In September 1910, Chase became a member of the faculty of the department of education at The University of North Carolina. In 1914 he became professor of psychology and began to introduce laboratory courses and scientific methods in this new and expanding field. At the university, he served on various faculty committees and was chairman of the Committee on Intellectual Life. He was also appointed acting dean of the College of Liberal Arts, following the death of E. K. Graham in October 1918, and chairman of the faculty after the death of Marvin H. Stacy in January the following year. In June 1919 he was elected president of the university.

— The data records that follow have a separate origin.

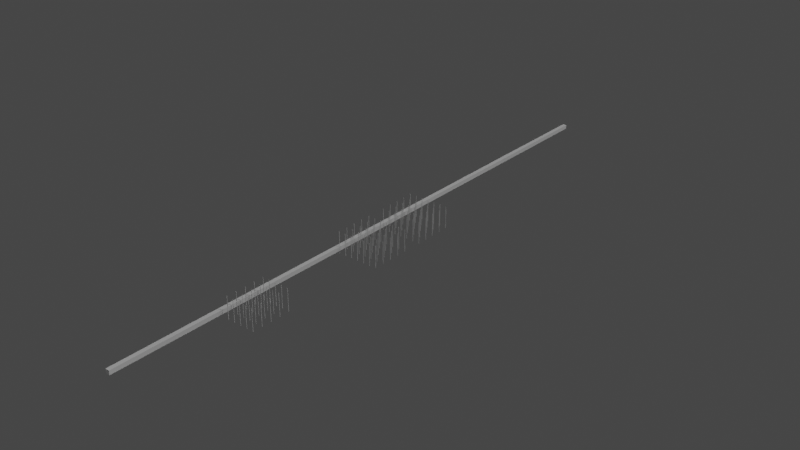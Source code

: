# Source: legs_array_0011.blend  (saved by Blender 2.93.20; exported with 4.5.12 LTS)
import bpy
from mathutils import Matrix  # noqa: F401  (used for matrix-valued properties, if any)

bpy.ops.wm.read_factory_settings(use_empty=True)
scene = bpy.context.scene
scene.name = 'legs'

# ---- collections
col_collection = bpy.data.collections.new('Collection'); scene.collection.children.link(col_collection)
col_legs_assembly = bpy.data.collections.new('legs assembly'); col_collection.children.link(col_legs_assembly)
col_criss_crosses = bpy.data.collections.new('Criss crosses'); col_legs_assembly.children.link(col_criss_crosses)
col_criss_cross_1 = bpy.data.collections.new('Criss cross 1'); col_criss_crosses.children.link(col_criss_cross_1)
col_camera_rigs = bpy.data.collections.new('camera rigs'); scene.collection.children.link(col_camera_rigs)
col_model_components_linked = bpy.data.collections.new('Model components linked'); scene.collection.children.link(col_model_components_linked)
col_rig0040_ls_from_the_south = bpy.data.collections.new('Rig0040 ls from the south')  # instanced only; not linked into the scene
col_pavilion = bpy.data.collections.new('Pavilion')  # instanced only; not linked into the scene
col_legs_substructure_and_landing_stage = bpy.data.collections.new('legs substructure and landing stage')  # instanced only; not linked into the scene
col_railings__decking = bpy.data.collections.new('Railings, decking')  # instanced only; not linked into the scene
col_shelters_huts_shops_kiosks = bpy.data.collections.new('Shelters huts shops kiosks')  # instanced only; not linked into the scene

# ---- world
world_world = bpy.data.worlds.new('World'); scene.world = world_world
world_world.use_nodes = True; world_world.node_tree.nodes.clear()
_N = world_world.node_tree.nodes; _L = world_world.node_tree.links
n0 = _N.new('ShaderNodeOutputWorld'); n0.name = 'World Output'; n0.location = (300, 300)
n1 = _N.new('ShaderNodeBackground'); n1.name = 'Background'; n1.location = (10, 300)
n1.inputs[0].default_value = (0.05088, 0.05088, 0.05088, 1.0)
_L.new(n1.outputs[0], n0.inputs[0])
n0.is_active_output = True
world_world.color = (0.05088, 0.05088, 0.05088)
world_world.use_sun_shadow = False
world_world.sun_shadow_jitter_overblur = 0.0

# ---- cameras
cam_camera_001 = bpy.data.cameras.new('Camera.001')
cam_camera_001.clip_end = 100.0
cam_camera_001.ortho_scale = 7.314
cam_camera = bpy.data.cameras.new('Camera')
cam_camera.clip_end = 100.0
cam_camera.ortho_scale = 7.314

# ---- lights
light_light_002 = bpy.data.lights.new('Light.002', 'SUN')
light_light_002.transmission_factor = 0.0
light_light_002.angle = 0.1993
light_light_002.energy = 1.0
light_light_002.shadow_soft_size = 0.1
light_light_002.shadow_cascade_max_distance = 1000.0
light_light = bpy.data.lights.new('Light', 'POINT')
light_light.transmission_factor = 0.0
light_light.energy = 1000.0
light_light.shadow_soft_size = 0.1
light_light.shadow_maximum_resolution = 0.006
light_light.use_absolute_resolution = True

# ---- meshes
me_cube_024 = bpy.data.meshes.new('Cube.024')
me_cube_024.from_pydata([(-1.0, -1.0, -1.0), (-1.0, -1.0, 1.0), (-1.0, 1.0, -1.0), (-1.0, 1.0, 1.0), (1.0, -1.0, -1.0), (1.0, -1.0, 1.0), (1.0, 1.0, -1.0), (1.0, 1.0, 1.0)], [], [(0, 1, 3, 2), (2, 3, 7, 6), (6, 7, 5, 4), (4, 5, 1, 0), (2, 6, 4, 0), (7, 3, 1, 5)])
_uv = me_cube_024.uv_layers.new(name='UVMap')
_uv.uv.foreach_set('vector', [0.375, 0.0, 0.625, 0.0, 0.625, 0.25, 0.375, 0.25, 0.375, 0.25, 0.625, 0.25, 0.625, 0.5, 0.375, 0.5, 0.375, 0.5, 0.625, 0.5, 0.625, 0.75, 0.375, 0.75, 0.375, 0.75, 0.625, 0.75, 0.625, 1.0, 0.375, 1.0, 0.125, 0.5, 0.375, 0.5, 0.375, 0.75, 0.125, 0.75, 0.625, 0.5, 0.875, 0.5, 0.875, 0.75, 0.625, 0.75])
me_cube_024.use_remesh_fix_poles = True
me_cube_024.use_remesh_preserve_attributes = False
me_cube_024.update()
me_cylinder_021 = bpy.data.meshes.new('Cylinder.021')
me_cylinder_021.from_pydata([(9.662e-07, 0.1502, -0.921), (9.662e-07, 0.1502, -1.192e-07), (0.02932, 0.1473, -0.921), (0.02932, 0.1473, -1.192e-07), (0.0575, 0.1388, -0.921), (0.0575, 0.1388, -1.192e-07), (0.08348, 0.1249, -0.921), (0.08348, 0.1249, -1.192e-07), (0.1063, 0.1062, -0.921), (0.1063, 0.1062, -1.192e-07), (0.1249, 0.08345, -0.921), (0.1249, 0.08345, -1.192e-07), (0.1388, 0.05747, -0.921), (0.1388, 0.05747, -1.192e-07), (0.1474, 0.02928, -0.921), (0.1474, 0.02928, -1.192e-07), (0.1503, -3.055e-05, -0.921), (0.1503, -3.055e-05, -1.192e-07), (0.1474, -0.02935, -0.921), (0.1474, -0.02935, -1.192e-07), (0.1388, -0.05753, -0.921), (0.1388, -0.05753, -1.192e-07), (0.1249, -0.08351, -0.921), (0.1249, -0.08351, -1.192e-07), (0.1063, -0.1063, -0.921), (0.1063, -0.1063, -1.192e-07), (0.08348, -0.125, -0.921), (0.08348, -0.125, -1.192e-07), (0.0575, -0.1389, -0.921), (0.0575, -0.1389, -1.192e-07), (0.02932, -0.1474, -0.921), (0.02932, -0.1474, -1.192e-07), (9.531e-07, -0.1503, -0.921), (9.531e-07, -0.1503, -1.192e-07), (-0.02931, -0.1474, -0.921), (-0.02931, -0.1474, -1.192e-07), (-0.0575, -0.1389, -0.921), (-0.0575, -0.1389, -1.192e-07), (-0.08348, -0.125, -0.921), (-0.08348, -0.125, -1.192e-07), (-0.1063, -0.1063, -0.921), (-0.1063, -0.1063, -1.192e-07), (-0.1249, -0.08351, -0.921), (-0.1249, -0.08351, -1.192e-07), (-0.1388, -0.05753, -0.921), (-0.1388, -0.05753, -1.192e-07), (-0.1474, -0.02935, -0.921), (-0.1474, -0.02935, -1.192e-07), (-0.1503, -3.054e-05, -0.921), (-0.1503, -3.054e-05, -1.192e-07), (-0.1474, 0.02928, -0.921), (-0.1474, 0.02928, -1.192e-07), (-0.1388, 0.05747, -0.921), (-0.1388, 0.05747, -1.192e-07), (-0.1249, 0.08345, -0.921), (-0.1249, 0.08345, -1.192e-07), (-0.1063, 0.1062, -0.921), (-0.1063, 0.1062, -1.192e-07), (-0.08348, 0.1249, -0.921), (-0.08348, 0.1249, -1.192e-07), (-0.0575, 0.1388, -0.921), (-0.0575, 0.1388, -1.192e-07), (-0.02931, 0.1473, -0.921), (-0.02931, 0.1473, -1.192e-07)], [], [(0, 1, 3, 2), (2, 3, 5, 4), (4, 5, 7, 6), (6, 7, 9, 8), (8, 9, 11, 10), (10, 11, 13, 12), (12, 13, 15, 14), (14, 15, 17, 16), (16, 17, 19, 18), (18, 19, 21, 20), (20, 21, 23, 22), (22, 23, 25, 24), (24, 25, 27, 26), (26, 27, 29, 28), (28, 29, 31, 30), (30, 31, 33, 32), (32, 33, 35, 34), (34, 35, 37, 36), (36, 37, 39, 38), (38, 39, 41, 40), (40, 41, 43, 42), (42, 43, 45, 44), (44, 45, 47, 46), (46, 47, 49, 48), (48, 49, 51, 50), (50, 51, 53, 52), (52, 53, 55, 54), (54, 55, 57, 56), (56, 57, 59, 58), (58, 59, 61, 60), (3, 1, 63, 61, 59, 57, 55, 53, 51, 49, 47, 45, 43, 41, 39, 37, 35, 33, 31, 29, 27, 25, 23, 21, 19, 17, 15, 13, 11, 9, 7, 5), (60, 61, 63, 62), (62, 63, 1, 0), (0, 2, 4, 6, 8, 10, 12, 14, 16, 18, 20, 22, 24, 26, 28, 30, 32, 34, 36, 38, 40, 42, 44, 46, 48, 50, 52, 54, 56, 58, 60, 62)])
_uv = me_cylinder_021.uv_layers.new(name='UVMap')
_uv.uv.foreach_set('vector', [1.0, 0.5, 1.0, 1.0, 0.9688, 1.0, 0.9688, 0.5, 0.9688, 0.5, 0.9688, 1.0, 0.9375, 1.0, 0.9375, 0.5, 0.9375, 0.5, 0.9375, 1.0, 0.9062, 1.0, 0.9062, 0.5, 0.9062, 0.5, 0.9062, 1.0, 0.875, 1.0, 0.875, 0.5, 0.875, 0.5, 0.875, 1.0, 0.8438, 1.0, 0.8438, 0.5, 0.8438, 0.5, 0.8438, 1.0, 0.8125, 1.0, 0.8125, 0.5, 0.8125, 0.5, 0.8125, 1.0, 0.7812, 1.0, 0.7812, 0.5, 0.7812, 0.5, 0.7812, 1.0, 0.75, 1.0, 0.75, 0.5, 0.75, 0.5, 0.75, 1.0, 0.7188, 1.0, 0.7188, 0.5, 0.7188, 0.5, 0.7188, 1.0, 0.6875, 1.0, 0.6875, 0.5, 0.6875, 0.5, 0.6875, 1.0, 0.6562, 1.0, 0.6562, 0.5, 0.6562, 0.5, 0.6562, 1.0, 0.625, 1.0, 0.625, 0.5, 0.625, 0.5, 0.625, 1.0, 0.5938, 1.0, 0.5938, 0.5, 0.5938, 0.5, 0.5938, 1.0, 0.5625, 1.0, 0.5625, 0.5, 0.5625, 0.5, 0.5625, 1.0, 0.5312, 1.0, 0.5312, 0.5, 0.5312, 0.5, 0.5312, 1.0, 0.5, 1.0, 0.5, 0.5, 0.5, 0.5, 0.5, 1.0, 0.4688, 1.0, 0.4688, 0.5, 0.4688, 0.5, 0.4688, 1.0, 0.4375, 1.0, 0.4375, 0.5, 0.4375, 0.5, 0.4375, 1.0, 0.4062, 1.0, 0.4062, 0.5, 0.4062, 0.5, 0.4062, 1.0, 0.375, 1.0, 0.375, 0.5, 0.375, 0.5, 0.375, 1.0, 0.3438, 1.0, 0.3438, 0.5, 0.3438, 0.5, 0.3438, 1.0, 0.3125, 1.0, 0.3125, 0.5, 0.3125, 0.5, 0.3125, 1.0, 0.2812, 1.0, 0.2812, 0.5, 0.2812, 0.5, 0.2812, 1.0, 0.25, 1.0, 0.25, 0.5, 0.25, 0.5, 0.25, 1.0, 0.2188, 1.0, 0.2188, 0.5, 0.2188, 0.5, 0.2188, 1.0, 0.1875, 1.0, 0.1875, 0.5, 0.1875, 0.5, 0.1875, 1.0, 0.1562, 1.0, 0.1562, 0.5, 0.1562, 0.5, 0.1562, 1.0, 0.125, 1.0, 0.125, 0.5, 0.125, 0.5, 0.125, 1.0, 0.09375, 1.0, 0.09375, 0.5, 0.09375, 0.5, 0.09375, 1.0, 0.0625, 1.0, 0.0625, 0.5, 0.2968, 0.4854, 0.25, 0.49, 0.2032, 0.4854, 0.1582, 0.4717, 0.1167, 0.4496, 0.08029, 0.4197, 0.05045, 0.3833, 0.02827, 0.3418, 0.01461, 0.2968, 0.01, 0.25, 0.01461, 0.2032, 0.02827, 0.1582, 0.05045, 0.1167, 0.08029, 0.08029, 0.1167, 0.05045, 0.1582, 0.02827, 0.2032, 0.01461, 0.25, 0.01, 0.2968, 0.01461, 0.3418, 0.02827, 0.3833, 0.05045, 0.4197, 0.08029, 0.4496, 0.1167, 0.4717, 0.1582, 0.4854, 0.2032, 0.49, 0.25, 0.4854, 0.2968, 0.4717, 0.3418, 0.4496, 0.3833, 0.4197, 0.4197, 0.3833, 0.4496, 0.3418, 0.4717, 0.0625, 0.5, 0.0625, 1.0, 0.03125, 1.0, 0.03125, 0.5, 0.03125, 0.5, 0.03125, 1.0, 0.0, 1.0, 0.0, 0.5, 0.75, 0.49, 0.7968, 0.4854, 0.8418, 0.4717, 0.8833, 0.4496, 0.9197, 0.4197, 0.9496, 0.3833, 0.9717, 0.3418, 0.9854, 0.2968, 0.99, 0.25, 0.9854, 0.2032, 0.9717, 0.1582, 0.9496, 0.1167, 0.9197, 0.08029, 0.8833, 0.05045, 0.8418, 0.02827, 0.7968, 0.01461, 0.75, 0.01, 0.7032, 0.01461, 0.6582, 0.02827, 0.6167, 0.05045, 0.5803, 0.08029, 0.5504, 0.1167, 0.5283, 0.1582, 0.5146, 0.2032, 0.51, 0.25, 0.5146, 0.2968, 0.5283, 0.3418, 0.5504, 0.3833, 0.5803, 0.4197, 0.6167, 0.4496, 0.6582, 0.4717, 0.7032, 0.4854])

In December 1910, Chase married Lucetta Crum, a native of Indiana and a graduate of Coe College. She had been a graduate student at Clark University and had received the M.A. degree in 1910. Although Chase was a native New Englander, he quickly adapted himself to the environment of North Carolina and identified himself completely with the interests of the university. During the eleven years of his presidency, he devoted his attention to objectives including the establishment of the office of dean of students and the transfer of the responsibility of supervising student discipline under the honor system from the office of the dean of the College of Liberal Arts to a committee of the faculty and the student council. The entire administrative structure of the university was entirely reorganized through the provision of administrative boards to formulate policies and advise the deans and officers of the principal units. William M. Kendal of the New York firm of McKim, Mead and White was appointed consulting architect to develop plans for the expansion of the physical plant by the addition of twenty-one new buildings and very extensive modification of three others, to accommodate a student body of 3,000. The faculty was increased from 78 to 115 members, and the annual support of the university from $270,097 in 1918–19 to $1,342,974 in 1928–29. There was a new emphasis on staffing the professional schools with faculty trained and experienced in professional education and administration instead of professional practice and on adopting national, to replace state and regional, standards of scholarship and attainment. The Graduate School was thoroughly reorganized for training teachers and professional experts, and a strong central library was built up for the support of research. The university defended academic freedom and the right to teach science against the nationwide fundamentalist crusade to outlaw the teaching of evolution; established new departments of dramatic art, music, journalism, psychology, and sociology and new schools of business administration, public welfare, and library science; and strengthened and enriched both the widely known Institute for Research in Social Science and The University of North Carolina Press.

Chase's decision to appoint a dean of students grew out of the confusion that resulted from the control of the students during World War I by military officers. Student morale greatly declined, and Chase found it necessary to place policy-making, curriculum management, and student conduct control under two full-time officers.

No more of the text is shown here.